(Extracted data entries)
+===+
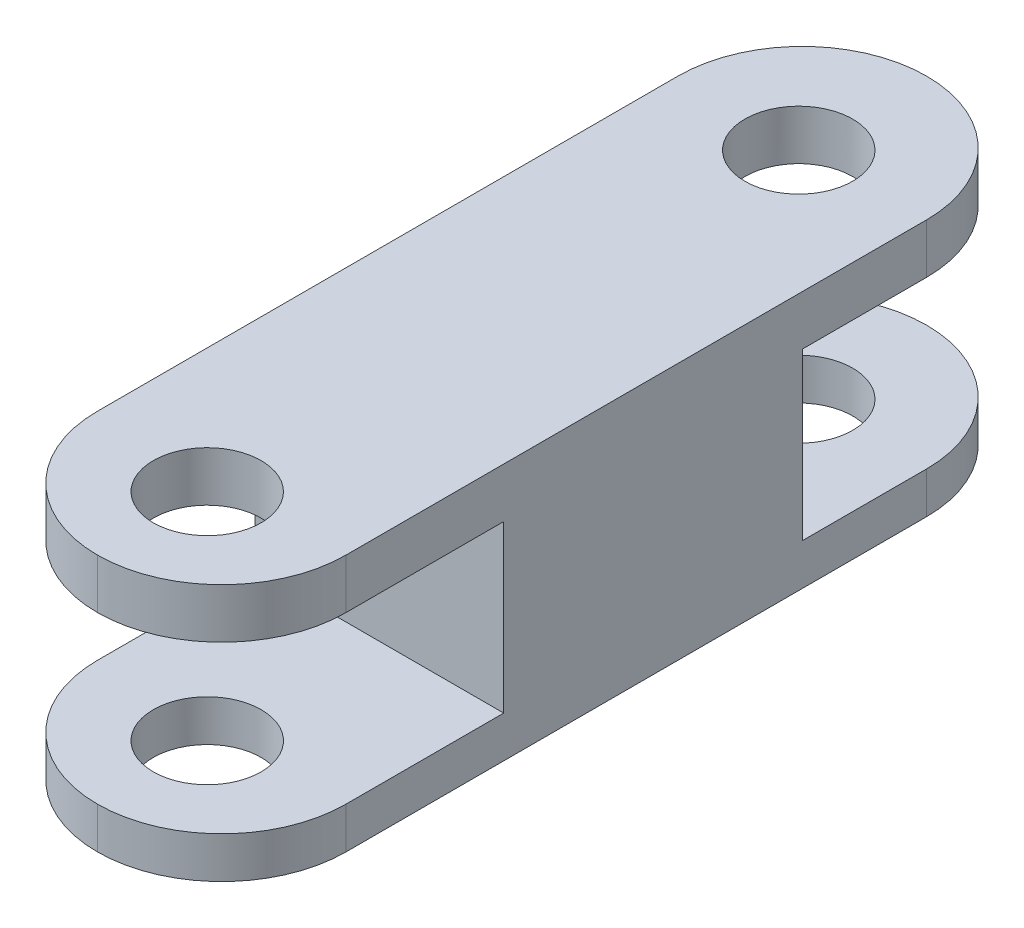
ISO-10303-21;
HEADER;
FILE_DESCRIPTION(('STEP AP214'),'2;1');
FILE_NAME('part.step','',(''),(''),'','','');
FILE_SCHEMA(('AUTOMOTIVE_DESIGN { 1 0 10303 214 1 1 1 1 }'));
ENDSEC;
DATA;
#1=APPLICATION_CONTEXT('core data for automotive mechanical design processes');
#2=APPLICATION_PROTOCOL_DEFINITION('international standard','automotive_design',2000,#1);
#3=PRODUCT_CONTEXT('',#1,'mechanical');
#4=PRODUCT('Part','Part','',(#3));
#5=PRODUCT_RELATED_PRODUCT_CATEGORY('part','',(#4));
#6=PRODUCT_DEFINITION_FORMATION('','',#4);
#7=PRODUCT_DEFINITION_CONTEXT('part definition',#1,'design');
#8=PRODUCT_DEFINITION('design','',#6,#7);
#9=PRODUCT_DEFINITION_SHAPE('','',#8);
#10=(LENGTH_UNIT() NAMED_UNIT(*) SI_UNIT(.MILLI.,.METRE.));
#11=(NAMED_UNIT(*) PLANE_ANGLE_UNIT() SI_UNIT($,.RADIAN.));
#12=(NAMED_UNIT(*) SI_UNIT($,.STERADIAN.) SOLID_ANGLE_UNIT());
#13=UNCERTAINTY_MEASURE_WITH_UNIT(LENGTH_MEASURE(1.E-05),#10,'distance_accuracy_value','');
#14=(GEOMETRIC_REPRESENTATION_CONTEXT(3) GLOBAL_UNCERTAINTY_ASSIGNED_CONTEXT((#13)) GLOBAL_UNIT_ASSIGNED_CONTEXT((#10,
#11,#12)) REPRESENTATION_CONTEXT('',''));
#15=CARTESIAN_POINT('',(0.,0.,0.));
#16=DIRECTION('',(0.,0.,1.));
#17=DIRECTION('',(1.,0.,0.));
#18=AXIS2_PLACEMENT_3D('',#15,#16,#17);
#19=CARTESIAN_POINT('',(-3.81,7.874,54.3941198587564));
#20=DIRECTION('',(0.,1.,0.));
#21=DIRECTION('',(0.,0.,1.));
#22=AXIS2_PLACEMENT_3D('',#19,#20,#21);
#23=CYLINDRICAL_SURFACE('',#22,3.81);
#24=CARTESIAN_POINT('',(-3.81,6.34827238378116,54.3941198587564));
#25=DIRECTION('',(0.,1.,0.));
#26=DIRECTION('',(0.,0.,1.));
#27=AXIS2_PLACEMENT_3D('',#24,#25,#26);
#28=CIRCLE('',#27,3.81);
#29=CARTESIAN_POINT('',(-3.81,6.34827238378116,58.2041198587564));
#30=VERTEX_POINT('',#29);
#31=CARTESIAN_POINT('',(-7.62,6.34827238378116,54.3941198587564));
#32=VERTEX_POINT('',#31);
#33=EDGE_CURVE('E245',#30,#32,#28,.F.);
#34=ORIENTED_EDGE('',*,*,#33,.F.);
#35=DIRECTION('',(0.,-1.,0.));
#36=VECTOR('',#35,1.);
#37=CARTESIAN_POINT('',(-3.81,0.,58.2041198587564));
#38=LINE('',#37,#36);
#39=CARTESIAN_POINT('',(-3.81,7.874,58.2041198587564));
#40=VERTEX_POINT('',#39);
#41=EDGE_CURVE('E188',#40,#30,#38,.T.);
#42=ORIENTED_EDGE('',*,*,#41,.F.);
#43=CARTESIAN_POINT('',(-3.81,7.874,54.3941198587564));
#44=DIRECTION('',(0.,-1.,0.));
#45=DIRECTION('',(0.,0.,-1.));
#46=AXIS2_PLACEMENT_3D('',#43,#44,#45);
#47=CIRCLE('',#46,3.81);
#48=CARTESIAN_POINT('',(-7.62,7.874,54.3941198587564));
#49=VERTEX_POINT('',#48);
#50=EDGE_CURVE('E264',#49,#40,#47,.F.);
#51=ORIENTED_EDGE('',*,*,#50,.F.);
#52=DIRECTION('',(0.,-1.,0.));
#53=VECTOR('',#52,1.);
#54=CARTESIAN_POINT('',(-7.62,7.874,54.3941198587564));
#55=LINE('',#54,#53);
#56=EDGE_CURVE('E248',#32,#49,#55,.F.);
#57=ORIENTED_EDGE('',*,*,#56,.F.);
#58=EDGE_LOOP('',(#34,#42,#51,#57));
#59=FACE_BOUND('',#58,.T.);
#60=ADVANCED_FACE('F45',(#59),#23,.T.);
#61=CARTESIAN_POINT('',(-3.81,1.26827238378116,58.2041198587564));
#62=VERTEX_POINT('',#61);
#63=CARTESIAN_POINT('',(-3.81,0.,58.2041198587564));
#64=VERTEX_POINT('',#63);
#65=EDGE_CURVE('E164',#62,#64,#38,.T.);
#66=ORIENTED_EDGE('',*,*,#65,.F.);
#67=CARTESIAN_POINT('',(-3.81,1.26827238378116,54.3941198587564));
#68=DIRECTION('',(0.,-1.,0.));
#69=DIRECTION('',(0.,0.,-1.));
#70=AXIS2_PLACEMENT_3D('',#67,#68,#69);
#71=CIRCLE('',#70,3.81);
#72=CARTESIAN_POINT('',(-7.62,1.26827238378116,54.3941198587564));
#73=VERTEX_POINT('',#72);
#74=EDGE_CURVE('E174',#73,#62,#71,.F.);
#75=ORIENTED_EDGE('',*,*,#74,.F.);
#76=CARTESIAN_POINT('',(-7.62,0.,54.3941198587564));
#77=VERTEX_POINT('',#76);
#78=EDGE_CURVE('E324',#77,#73,#55,.F.);
#79=ORIENTED_EDGE('',*,*,#78,.F.);
#80=CARTESIAN_POINT('',(-3.81,0.,54.3941198587564));
#81=DIRECTION('',(0.,-1.,0.));
#82=DIRECTION('',(0.,0.,-1.));
#83=AXIS2_PLACEMENT_3D('',#80,#81,#82);
#84=CIRCLE('',#83,3.81);
#85=EDGE_CURVE('E186',#64,#77,#84,.T.);
#86=ORIENTED_EDGE('',*,*,#85,.F.);
#87=EDGE_LOOP('',(#66,#75,#79,#86));
#88=FACE_BOUND('',#87,.T.);
#89=ADVANCED_FACE('F185',(#88),#23,.T.);
#90=CARTESIAN_POINT('',(-3.81,7.874,54.3941198587564));
#91=DIRECTION('',(0.,-1.,0.));
#92=DIRECTION('',(0.,0.,-1.));
#93=AXIS2_PLACEMENT_3D('',#90,#91,#92);
#94=CYLINDRICAL_SURFACE('',#93,3.81);
#95=ORIENTED_EDGE('',*,*,#41,.T.);
#96=CARTESIAN_POINT('',(-3.81,6.34827238378116,54.3941198587564));
#97=DIRECTION('',(0.,1.,0.));
#98=DIRECTION('',(0.,0.,1.));
#99=AXIS2_PLACEMENT_3D('',#96,#97,#98);
#100=CIRCLE('',#99,3.81);
#101=CARTESIAN_POINT('',(0.,6.34827238378116,54.3941198587564));
#102=VERTEX_POINT('',#101);
#103=EDGE_CURVE('E252',#102,#30,#100,.F.);
#104=ORIENTED_EDGE('',*,*,#103,.F.);
#105=DIRECTION('',(0.,-1.,0.));
#106=VECTOR('',#105,1.);
#107=CARTESIAN_POINT('',(0.,7.874,54.3941198587564));
#108=LINE('',#107,#106);
#109=CARTESIAN_POINT('',(0.,7.874,54.3941198587564));
#110=VERTEX_POINT('',#109);
#111=EDGE_CURVE('E261',#110,#102,#108,.T.);
#112=ORIENTED_EDGE('',*,*,#111,.F.);
#113=CARTESIAN_POINT('',(-3.81,7.874,54.3941198587564));
#114=DIRECTION('',(0.,-1.,0.));
#115=DIRECTION('',(0.,0.,-1.));
#116=AXIS2_PLACEMENT_3D('',#113,#114,#115);
#117=CIRCLE('',#116,3.81);
#118=EDGE_CURVE('E260',#40,#110,#117,.F.);
#119=ORIENTED_EDGE('',*,*,#118,.F.);
#120=EDGE_LOOP('',(#95,#104,#112,#119));
#121=FACE_BOUND('',#120,.T.);
#122=ADVANCED_FACE('F242',(#121),#94,.T.);
#123=CARTESIAN_POINT('',(-3.81,1.26827238378116,54.3941198587564));
#124=DIRECTION('',(0.,-1.,0.));
#125=DIRECTION('',(0.,0.,-1.));
#126=AXIS2_PLACEMENT_3D('',#123,#124,#125);
#127=CIRCLE('',#126,3.81);
#128=CARTESIAN_POINT('',(0.,1.26827238378116,54.3941198587564));
#129=VERTEX_POINT('',#128);
#130=EDGE_CURVE('E159',#62,#129,#127,.F.);
#131=ORIENTED_EDGE('',*,*,#130,.F.);
#132=ORIENTED_EDGE('',*,*,#65,.T.);
#133=CARTESIAN_POINT('',(-3.81,0.,54.3941198587564));
#134=DIRECTION('',(0.,-1.,0.));
#135=DIRECTION('',(0.,0.,-1.));
#136=AXIS2_PLACEMENT_3D('',#133,#134,#135);
#137=CIRCLE('',#136,3.81);
#138=CARTESIAN_POINT('',(0.,0.,54.3941198587564));
#139=VERTEX_POINT('',#138);
#140=EDGE_CURVE('E332',#139,#64,#137,.T.);
#141=ORIENTED_EDGE('',*,*,#140,.F.);
#142=EDGE_CURVE('E166',#129,#139,#108,.T.);
#143=ORIENTED_EDGE('',*,*,#142,.F.);
#144=EDGE_LOOP('',(#131,#132,#141,#143));
#145=FACE_BOUND('',#144,.T.);
#146=ADVANCED_FACE('F161',(#145),#94,.T.);
#147=CARTESIAN_POINT('',(-3.80558663679369,0.,54.8415805854161));
#148=DIRECTION('',(0.,1.,0.));
#149=DIRECTION('',(0.,0.,1.));
#150=AXIS2_PLACEMENT_3D('',#147,#148,#149);
#151=CYLINDRICAL_SURFACE('',#150,1.651);
#152=CARTESIAN_POINT('',(-3.80558663679369,7.874,54.8415805854161));
#153=DIRECTION('',(0.,1.,0.));
#154=DIRECTION('',(0.,0.,1.));
#155=AXIS2_PLACEMENT_3D('',#152,#153,#154);
#156=CIRCLE('',#155,1.651);
#157=CARTESIAN_POINT('',(-3.80558663679369,7.874,56.4925805854161));
#158=VERTEX_POINT('',#157);
#159=EDGE_CURVE('E196',#158,#158,#156,.T.);
#160=ORIENTED_EDGE('',*,*,#159,.T.);
#161=EDGE_LOOP('',(#160));
#162=FACE_BOUND('',#161,.T.);
#163=CARTESIAN_POINT('',(-3.80558663679369,6.34827238378116,54.8415805854161));
#164=DIRECTION('',(0.,1.,0.));
#165=DIRECTION('',(0.,0.,1.));
#166=AXIS2_PLACEMENT_3D('',#163,#164,#165);
#167=CIRCLE('',#166,1.651);
#168=CARTESIAN_POINT('',(-3.80558663679369,6.34827238378116,56.4925805854161));
#169=VERTEX_POINT('',#168);
#170=EDGE_CURVE('E214',#169,#169,#167,.F.);
#171=ORIENTED_EDGE('',*,*,#170,.T.);
#172=EDGE_LOOP('',(#171));
#173=FACE_BOUND('',#172,.T.);
#174=ADVANCED_FACE('F392',(#162,#173),#151,.F.);
#175=CARTESIAN_POINT('',(-3.80558663679369,0.,54.8415805854161));
#176=DIRECTION('',(0.,1.,0.));
#177=DIRECTION('',(0.,0.,1.));
#178=AXIS2_PLACEMENT_3D('',#175,#176,#177);
#179=CIRCLE('',#178,1.651);
#180=CARTESIAN_POINT('',(-3.80558663679369,0.,56.4925805854161));
#181=VERTEX_POINT('',#180);
#182=EDGE_CURVE('E189',#181,#181,#179,.T.);
#183=ORIENTED_EDGE('',*,*,#182,.F.);
#184=EDGE_LOOP('',(#183));
#185=FACE_BOUND('',#184,.T.);
#186=CARTESIAN_POINT('',(-3.80558663679369,1.26827238378116,54.8415805854161));
#187=DIRECTION('',(0.,-1.,0.));
#188=DIRECTION('',(0.,0.,-1.));
#189=AXIS2_PLACEMENT_3D('',#186,#187,#188);
#190=CIRCLE('',#189,1.651);
#191=CARTESIAN_POINT('',(-3.80558663679369,1.26827238378116,53.1905805854161));
#192=VERTEX_POINT('',#191);
#193=EDGE_CURVE('E53',#192,#192,#190,.F.);
#194=ORIENTED_EDGE('',*,*,#193,.T.);
#195=EDGE_LOOP('',(#194));
#196=FACE_BOUND('',#195,.T.);
#197=ADVANCED_FACE('F221',(#185,#196),#151,.F.);
#198=CARTESIAN_POINT('',(-3.80558663679368,0.,36.7263005854161));
#199=DIRECTION('',(0.,1.,0.));
#200=DIRECTION('',(0.,0.,1.));
#201=AXIS2_PLACEMENT_3D('',#198,#199,#200);
#202=CYLINDRICAL_SURFACE('',#201,1.651);
#203=CARTESIAN_POINT('',(-3.80558663679368,0.,36.7263005854161));
#204=DIRECTION('',(0.,1.,0.));
#205=DIRECTION('',(0.,0.,1.));
#206=AXIS2_PLACEMENT_3D('',#203,#204,#205);
#207=CIRCLE('',#206,1.651);
#208=CARTESIAN_POINT('',(-3.80558663679368,0.,38.3773005854161));
#209=VERTEX_POINT('',#208);
#210=EDGE_CURVE('E374',#209,#209,#207,.T.);
#211=ORIENTED_EDGE('',*,*,#210,.F.);
#212=EDGE_LOOP('',(#211));
#213=FACE_BOUND('',#212,.T.);
#214=CARTESIAN_POINT('',(-3.80558663679368,1.26827238378116,36.7263005854161));
#215=DIRECTION('',(0.,1.,0.));
#216=DIRECTION('',(0.,0.,1.));
#217=AXIS2_PLACEMENT_3D('',#214,#215,#216);
#218=CIRCLE('',#217,1.651);
#219=CARTESIAN_POINT('',(-3.80558663679368,1.26827238378116,38.3773005854161));
#220=VERTEX_POINT('',#219);
#221=EDGE_CURVE('E202',#220,#220,#218,.F.);
#222=ORIENTED_EDGE('',*,*,#221,.F.);
#223=EDGE_LOOP('',(#222));
#224=FACE_BOUND('',#223,.T.);
#225=ADVANCED_FACE('F400',(#213,#224),#202,.F.);
#226=CARTESIAN_POINT('',(-3.80999999999999,7.874,36.6141198587564));
#227=DIRECTION('',(0.,-1.,0.));
#228=DIRECTION('',(0.,0.,-1.));
#229=AXIS2_PLACEMENT_3D('',#226,#227,#228);
#230=CYLINDRICAL_SURFACE('',#229,3.81);
#231=CARTESIAN_POINT('',(-3.80999999999999,1.26827238378116,36.6141198587564));
#232=DIRECTION('',(0.,-1.,0.));
#233=DIRECTION('',(0.,0.,-1.));
#234=AXIS2_PLACEMENT_3D('',#231,#232,#233);
#235=CIRCLE('',#234,3.81);
#236=CARTESIAN_POINT('',(0.,1.26827238378116,36.6141198587564));
#237=VERTEX_POINT('',#236);
#238=CARTESIAN_POINT('',(-3.80999999999999,1.26827238378116,32.8041198587565));
#239=VERTEX_POINT('',#238);
#240=EDGE_CURVE('E349',#237,#239,#235,.F.);
#241=ORIENTED_EDGE('',*,*,#240,.F.);
#242=DIRECTION('',(0.,-1.,0.));
#243=VECTOR('',#242,1.);
#244=CARTESIAN_POINT('',(0.,7.874,36.6141198587564));
#245=LINE('',#244,#243);
#246=CARTESIAN_POINT('',(0.,0.,36.6141198587564));
#247=VERTEX_POINT('',#246);
#248=EDGE_CURVE('E207',#247,#237,#245,.F.);
#249=ORIENTED_EDGE('',*,*,#248,.F.);
#250=CARTESIAN_POINT('',(-3.80999999999999,0.,36.6141198587564));
#251=DIRECTION('',(0.,-1.,0.));
#252=DIRECTION('',(0.,0.,-1.));
#253=AXIS2_PLACEMENT_3D('',#250,#251,#252);
#254=CIRCLE('',#253,3.81);
#255=CARTESIAN_POINT('',(-3.80999999999999,0.,32.8041198587565));
#256=VERTEX_POINT('',#255);
#257=EDGE_CURVE('E335',#256,#247,#254,.T.);
#258=ORIENTED_EDGE('',*,*,#257,.F.);
#259=DIRECTION('',(0.,-1.,0.));
#260=VECTOR('',#259,1.);
#261=CARTESIAN_POINT('',(-3.80999999999999,7.874,32.8041198587565));
#262=LINE('',#261,#260);
#263=EDGE_CURVE('E194',#239,#256,#262,.T.);
#264=ORIENTED_EDGE('',*,*,#263,.F.);
#265=EDGE_LOOP('',(#241,#249,#258,#264));
#266=FACE_BOUND('',#265,.T.);
#267=ADVANCED_FACE('F348',(#266),#230,.T.);
#268=CARTESIAN_POINT('',(-3.80999999999999,7.874,36.6141198587564));
#269=DIRECTION('',(0.,1.,0.));
#270=DIRECTION('',(0.,0.,1.));
#271=AXIS2_PLACEMENT_3D('',#268,#269,#270);
#272=CYLINDRICAL_SURFACE('',#271,3.81);
#273=CARTESIAN_POINT('',(-3.80999999999999,1.26827238378116,36.6141198587564));
#274=DIRECTION('',(0.,-1.,0.));
#275=DIRECTION('',(0.,0.,-1.));
#276=AXIS2_PLACEMENT_3D('',#273,#274,#275);
#277=CIRCLE('',#276,3.81);
#278=CARTESIAN_POINT('',(-7.62,1.26827238378116,36.6141198587564));
#279=VERTEX_POINT('',#278);
#280=EDGE_CURVE('E355',#239,#279,#277,.F.);
#281=ORIENTED_EDGE('',*,*,#280,.F.);
#282=ORIENTED_EDGE('',*,*,#263,.T.);
#283=CARTESIAN_POINT('',(-3.80999999999999,0.,36.6141198587564));
#284=DIRECTION('',(0.,-1.,0.));
#285=DIRECTION('',(0.,0.,-1.));
#286=AXIS2_PLACEMENT_3D('',#283,#284,#285);
#287=CIRCLE('',#286,3.81);
#288=CARTESIAN_POINT('',(-7.61999999999999,0.,36.6141198587564));
#289=VERTEX_POINT('',#288);
#290=EDGE_CURVE('E270',#289,#256,#287,.T.);
#291=ORIENTED_EDGE('',*,*,#290,.F.);
#292=DIRECTION('',(0.,-1.,0.));
#293=VECTOR('',#292,1.);
#294=CARTESIAN_POINT('',(-7.61999999999999,0.,36.6141198587564));
#295=LINE('',#294,#293);
#296=EDGE_CURVE('E327',#279,#289,#295,.T.);
#297=ORIENTED_EDGE('',*,*,#296,.F.);
#298=EDGE_LOOP('',(#281,#282,#291,#297));
#299=FACE_BOUND('',#298,.T.);
#300=ADVANCED_FACE('F412',(#299),#272,.T.);
#301=CARTESIAN_POINT('',(-7.61999999999999,7.874,32.8041198587565));
#302=DIRECTION('',(1.,0.,0.));
#303=DIRECTION('',(0.,0.,-1.));
#304=AXIS2_PLACEMENT_3D('',#301,#302,#303);
#305=PLANE('',#304);
#306=ORIENTED_EDGE('',*,*,#78,.T.);
#307=DIRECTION('',(0.,0.,-1.));
#308=VECTOR('',#307,1.);
#309=CARTESIAN_POINT('',(-7.61999999999999,1.26827238378116,32.8041198587565));
#310=LINE('',#309,#308);
#311=CARTESIAN_POINT('',(-7.61999999999999,1.26827238378116,49.5681198587564));
#312=VERTEX_POINT('',#311);
#313=EDGE_CURVE('E178',#73,#312,#310,.T.);
#314=ORIENTED_EDGE('',*,*,#313,.T.);
#315=DIRECTION('',(0.,1.,0.));
#316=VECTOR('',#315,1.);
#317=CARTESIAN_POINT('',(-7.61999999999999,7.874,49.5681198587564));
#318=LINE('',#317,#316);
#319=CARTESIAN_POINT('',(-7.61999999999999,6.34827238378116,49.5681198587564));
#320=VERTEX_POINT('',#319);
#321=EDGE_CURVE('E561',#312,#320,#318,.T.);
#322=ORIENTED_EDGE('',*,*,#321,.T.);
#323=DIRECTION('',(0.,0.,1.));
#324=VECTOR('',#323,1.);
#325=CARTESIAN_POINT('',(-7.61999999999999,6.34827238378116,32.8041198587565));
#326=LINE('',#325,#324);
#327=EDGE_CURVE('E171',#320,#32,#326,.T.);
#328=ORIENTED_EDGE('',*,*,#327,.T.);
#329=ORIENTED_EDGE('',*,*,#56,.T.);
#330=DIRECTION('',(0.,0.,1.));
#331=VECTOR('',#330,1.);
#332=CARTESIAN_POINT('',(-7.61999999999999,7.874,32.8041198587565));
#333=LINE('',#332,#331);
#334=CARTESIAN_POINT('',(-7.61999999999999,7.874,36.6141198587564));
#335=VERTEX_POINT('',#334);
#336=EDGE_CURVE('E295',#335,#49,#333,.T.);
#337=ORIENTED_EDGE('',*,*,#336,.F.);
#338=CARTESIAN_POINT('',(-7.62,6.34827238378116,36.6141198587564));
#339=VERTEX_POINT('',#338);
#340=EDGE_CURVE('E307',#335,#339,#295,.T.);
#341=ORIENTED_EDGE('',*,*,#340,.T.);
#342=DIRECTION('',(0.,0.,-1.));
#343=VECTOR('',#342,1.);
+===+
Return only the part of the records above that opens with the line containing "#262=LINE('',#261,#260);" and closes with the line containing "#284=DIRECTION('',(0.,-1.,0.));", ends included.

#262=LINE('',#261,#260);
#263=EDGE_CURVE('E194',#239,#256,#262,.T.);
#264=ORIENTED_EDGE('',*,*,#263,.F.);
#265=EDGE_LOOP('',(#241,#249,#258,#264));
#266=FACE_BOUND('',#265,.T.);
#267=ADVANCED_FACE('F348',(#266),#230,.T.);
#268=CARTESIAN_POINT('',(-3.80999999999999,7.874,36.6141198587564));
#269=DIRECTION('',(0.,1.,0.));
#270=DIRECTION('',(0.,0.,1.));
#271=AXIS2_PLACEMENT_3D('',#268,#269,#270);
#272=CYLINDRICAL_SURFACE('',#271,3.81);
#273=CARTESIAN_POINT('',(-3.80999999999999,1.26827238378116,36.6141198587564));
#274=DIRECTION('',(0.,-1.,0.));
#275=DIRECTION('',(0.,0.,-1.));
#276=AXIS2_PLACEMENT_3D('',#273,#274,#275);
#277=CIRCLE('',#276,3.81);
#278=CARTESIAN_POINT('',(-7.62,1.26827238378116,36.6141198587564));
#279=VERTEX_POINT('',#278);
#280=EDGE_CURVE('E355',#239,#279,#277,.F.);
#281=ORIENTED_EDGE('',*,*,#280,.F.);
#282=ORIENTED_EDGE('',*,*,#263,.T.);
#283=CARTESIAN_POINT('',(-3.80999999999999,0.,36.6141198587564));
#284=DIRECTION('',(0.,-1.,0.));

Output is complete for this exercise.